Are automatic captions “good enough”?

Auto-captions are a helpful draft, but they often miss names, jargon, accents, and sound context. A quick human review can prevent embarrassing errors and customer confusion.


What’s the fastest change that helps most?

Add a text-first contact route on every page (chat or email), and caption your top 5 most-viewed videos.


How do we know if our site works for Deaf users in different countries?

Test with people who use different languages and sign languages, and make sure your captions/transcripts are available in the languages you actually sell in (not only English).

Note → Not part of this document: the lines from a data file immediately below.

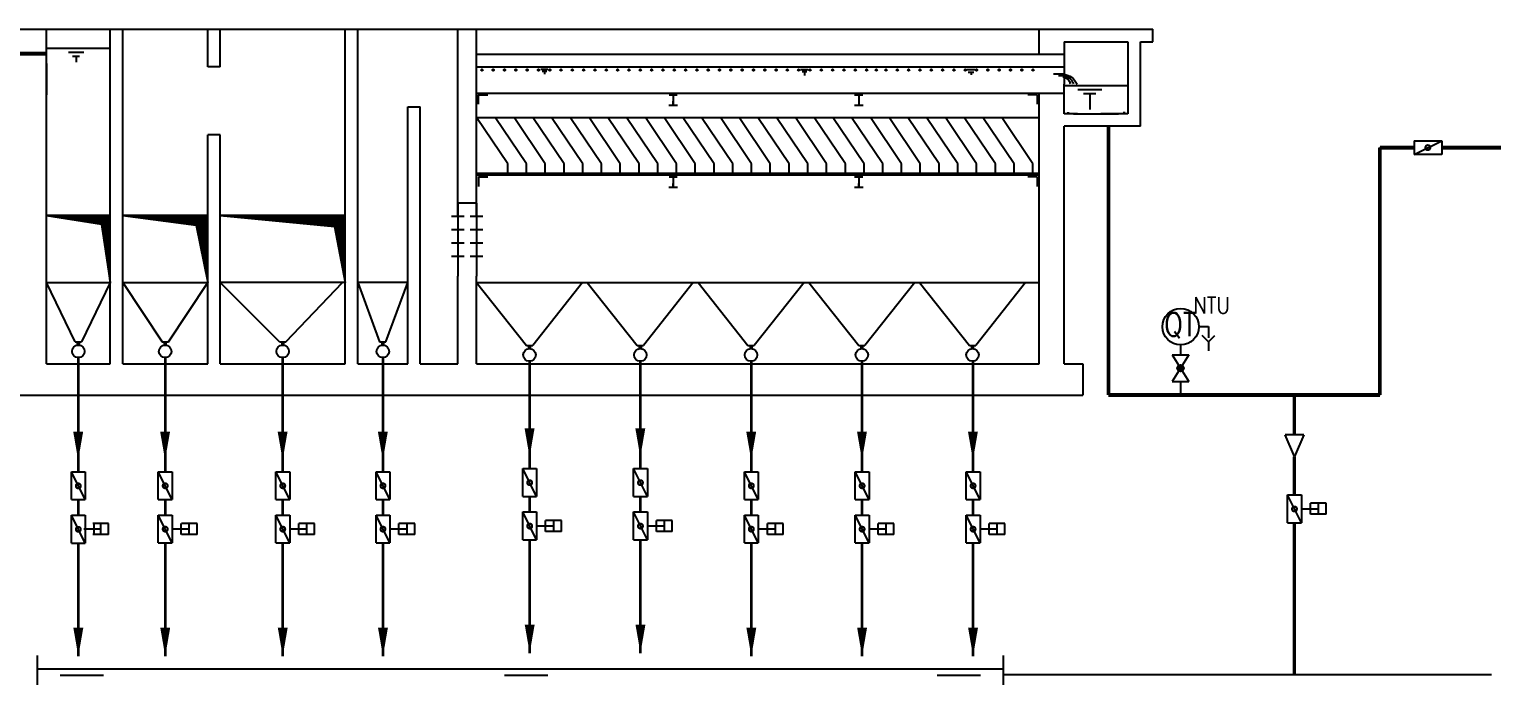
# Model space of a CAD drawing. Extents: x 4355 to 5355, y 1066 to 1761.
# Drawn here: x 4698.5 to 4919.3, y 1463.6 to 1561.1 of the extents above; entities that cross this region are included whole.
import ezdxf
from ezdxf.enums import TextEntityAlignment as Align

# ---------------------------------------------------------------- set-up
doc = ezdxf.new("R2010")
doc.units = 0
doc.header["$LTSCALE"] = 10
doc.header["$MEASUREMENT"] = 0
doc.linetypes.add('ZJ', pattern=[24, 10, -2, 0, -2, 10])
doc.layers.get('0').update_dxf_attribs({"linetype": 'CONTINUOUS'})
for name, color, linetype in [('1', 7, 'ZJ'), ('3', 1, 'CONTINUOUS'), ('气动蝶阀', 7, 'CONTINUOUS'), ('生产水', 1, 'CONTINUOUS')]:
    doc.layers.add(name, color=color, linetype=linetype)
doc.styles.add('HZ', font='geditxt.shx', dxfattribs={"width": 0.7, "bigfont": 'hztxt1.shx'})
pattern_1 = [(45, (4573.004834, 1374.252564), (-0.0211870823, 0.0211870823), [])]

msp = doc.modelspace()

# ---------------------------------------------------------------- hatches: boundary and pattern name
at = {"ltscale": 8}
h = msp.add_hatch(dxfattribs=at)
h.set_pattern_fill('ANSI31', color=6, scale=0.009437, style=0)
h.set_pattern_definition(pattern_1)
h.paths.add_polyline_path([(4710.7, 1532.99), (4701.08, 1532.99), (4709.37, 1531.72), (4710.7, 1522.89)])
h = msp.add_hatch(dxfattribs=at)
h.set_pattern_fill('ANSI31', color=6, scale=0.009437, style=0)
h.set_pattern_definition(pattern_1)
h.paths.add_polyline_path([(4725.43, 1532.99), (4712.59, 1532.99), (4723.66, 1531.54), (4725.43, 1522.89)])
h = msp.add_hatch(dxfattribs=at)
h.set_pattern_fill('ANSI31', color=6, scale=0.009437, style=0)
h.set_pattern_definition([(45, (4572.061116, 1348.489052), (-0.0211870823, 0.0211870823), [])])
h.paths.add_polyline_path([(4744.58, 1531.36), (4746.19, 1522.89), (4746.19, 1532.99), (4727.31, 1532.99)])
h = msp.add_hatch(color=0)
edge = h.paths.add_edge_path()
edge.add_arc((4872.29, 1509.98), 0.5, 0, 360)

# ---------------------------------------------------------------- linework, layer by layer
at = {"color": 6, "ltscale": 8}
for p, q in [((4685.98, 1561.11), (4868.12, 1561.11)), ((4701.08, 1510.62), (4701.08, 1561.11)), ((4710.7, 1510.62), (4710.7, 1561.11)), ((4712.59, 1510.62), (4712.59, 1561.11)), ((4725.43, 1555.45), (4725.43, 1561.11)), ((4727.31, 1555.45), (4727.31, 1561.11)), ((4746.19, 1510.62), (4746.19, 1561.11)), ((4748.08, 1510.62), (4748.08, 1561.11)), ((4763.18, 1532.99), (4763.18, 1561.11)), ((4766.01, 1532.99), (4766.01, 1561.11)), ((4850.94, 1557.34), (4850.94, 1561.11)), ((4868.12, 1559.22), (4868.12, 1561.11)), ((4854.72, 1559.22), (4864.35, 1559.22)), ((4854.72, 1559.22), (4854.72, 1552.81)), ((4864.35, 1559.22), (4864.35, 1548.37)), ((4866.24, 1559.22), (4868.12, 1559.22)), ((4866.24, 1546.48), (4866.24, 1559.22)), ((4701.08, 1558.28), (4710.7, 1558.28)), ((4704.42, 1557.65), (4706.7, 1557.65)), ((4705.03, 1557.05), (4706.07, 1557.05)), ((4705.55, 1557.05), (4705.55, 1556.17)), ((4766.01, 1557.34), (4854.72, 1557.34)), ((4701.08, 1555.92), (4701.08, 1551.2)), ((4727.31, 1555.45), (4725.43, 1555.45)), ((4766.01, 1555.45), (4854.72, 1555.45)), ((4775.71, 1555.07), (4776.79, 1555.07)), ((4775.91, 1554.78), (4776.64, 1554.78)), ((4776.27, 1554.78), (4776.27, 1554.36)), ((4814.93, 1555.06), (4816.05, 1555.06)), ((4815.18, 1554.72), (4815.87, 1554.72)), ((4815.53, 1554.72), (4815.53, 1554.13)), ((4840.04, 1555.04), (4841.24, 1555.04)), ((4840.23, 1554.66), (4841.09, 1554.66)), ((4840.66, 1554.66), (4840.66, 1554.23)), ((4854.72, 1554.32), (4853.08, 1554.32)), ((4854.72, 1554.09), (4853.86, 1554.09)), ((4854.72, 1553.89), (4854.53, 1553.89)), ((4854.72, 1548.37), (4854.72, 1552.81)), ((4854.72, 1552.62), (4864.35, 1552.62)), ((4766.01, 1551.49), (4854.72, 1551.49)), ((4766.27, 1551.24), (4767.69, 1551.24)), ((4766.27, 1551.24), (4766.27, 1549.82)), ((4795.06, 1551.2), (4796.3, 1551.2)), ((4795.67, 1551.2), (4795.67, 1549.79)), ((4795.69, 1549.68), (4795.69, 1550.25)), ((4823.08, 1551.2), (4824.32, 1551.2)), ((4823.7, 1551.2), (4823.7, 1549.79)), ((4850.66, 1551.2), (4849.24, 1551.2)), ((4850.66, 1551.2), (4850.66, 1549.79)), ((4850.94, 1510.62), (4850.94, 1551.49)), ((4856.78, 1552.03), (4860.38, 1552.03)), ((4857.65, 1551.42), (4859.5, 1551.42)), ((4858.58, 1551.42), (4858.58, 1548.99)), ((4755.63, 1510.62), (4755.63, 1549.41)), ((4755.63, 1549.41), (4757.51, 1549.41)), ((4757.51, 1510.62), (4757.51, 1549.41)), ((4770.72, 1540.82), (4766.01, 1547.8)), ((4766.01, 1547.8), (4850.94, 1547.8)), ((4773.55, 1540.82), (4768.84, 1547.8)), ((4776.38, 1540.82), (4771.67, 1547.8)), ((4779.21, 1540.82), (4774.5, 1547.8)), ((4782.04, 1540.82), (4777.33, 1547.8)), ((4784.87, 1540.82), (4780.16, 1547.8)), ((4787.71, 1540.82), (4782.99, 1547.8)), ((4790.54, 1540.82), (4785.82, 1547.8)), ((4793.37, 1540.82), (4788.66, 1547.8)), ((4793.37, 1540.82), (4788.66, 1547.8)), ((4796.2, 1540.82), (4791.49, 1547.8)), ((4799.03, 1540.82), (4794.32, 1547.8)), ((4795.05, 1549.68), (4796.34, 1549.68)), ((4801.86, 1540.82), (4797.15, 1547.8)), ((4804.69, 1540.82), (4799.98, 1547.8)), ((4807.52, 1540.82), (4802.81, 1547.8)), ((4810.35, 1540.82), (4805.64, 1547.8)), ((4813.19, 1540.82), (4808.47, 1547.8)), ((4816.02, 1540.82), (4811.3, 1547.8)), ((4816.02, 1540.82), (4811.3, 1547.8)), ((4818.85, 1540.82), (4814.14, 1547.8)), ((4821.68, 1540.82), (4816.97, 1547.8)), ((4824.51, 1540.82), (4819.8, 1547.8)), ((4824.51, 1540.82), (4819.8, 1547.8)), ((4827.34, 1540.82), (4822.63, 1547.8)), ((4823.08, 1549.68), (4824.37, 1549.68)), ((4830.17, 1540.82), (4825.46, 1547.8)), ((4833, 1540.82), (4828.29, 1547.8)), ((4835.83, 1540.82), (4831.12, 1547.8)), ((4838.67, 1540.82), (4833.95, 1547.8)), ((4841.5, 1540.82), (4836.79, 1547.8)), ((4844.33, 1540.82), (4839.62, 1547.8)), ((4844.33, 1540.82), (4839.62, 1547.8)), ((4847.16, 1540.82), (4842.45, 1547.8)), ((4849.99, 1540.82), (4845.28, 1547.8)), ((4856.72, 1548.37), (4854.72, 1548.37)), ((4855.15, 1548.48), (4855.46, 1548.48)), ((4856.13, 1548.37), (4862.93, 1548.37)), ((4864.35, 1548.37), (4860.27, 1548.37)), ((4863.92, 1548.48), (4863.6, 1548.48)), ((4854.72, 1510.62), (4854.72, 1546.48)), ((4866.24, 1546.48), (4854.72, 1546.48)), ((4725.43, 1544.12), (4725.43, 1545.16)), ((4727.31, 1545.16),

One solid resource to keep handy


If your team wants a straightforward starting point for media accessibility, the W3C Web Accessibility Initiative has a practical guide on captions/subtitles (with plain-language explanations and examples). You can also share this resource with your video or social team so captions become a standard step in the publishing workflow, not a last-minute fix. If you work in multiple languages, it’s a helpful reference for aligning on consistent caption quality—especially for names, numbers, and key terms that customers rely on.


Conclusion


Web accessibility for Deaf and hard-of-hearing customers isn’t about adding “special features”—it’s about removing silent points of failure. Captions, transcripts, and text-first support make your site usable across languages, devices, and countries. Start with your highest-traffic pages and your most-watched videos, then expand from there. The payoff is simple: clearer communication, fewer abandoned journeys, and more customers who feel respected.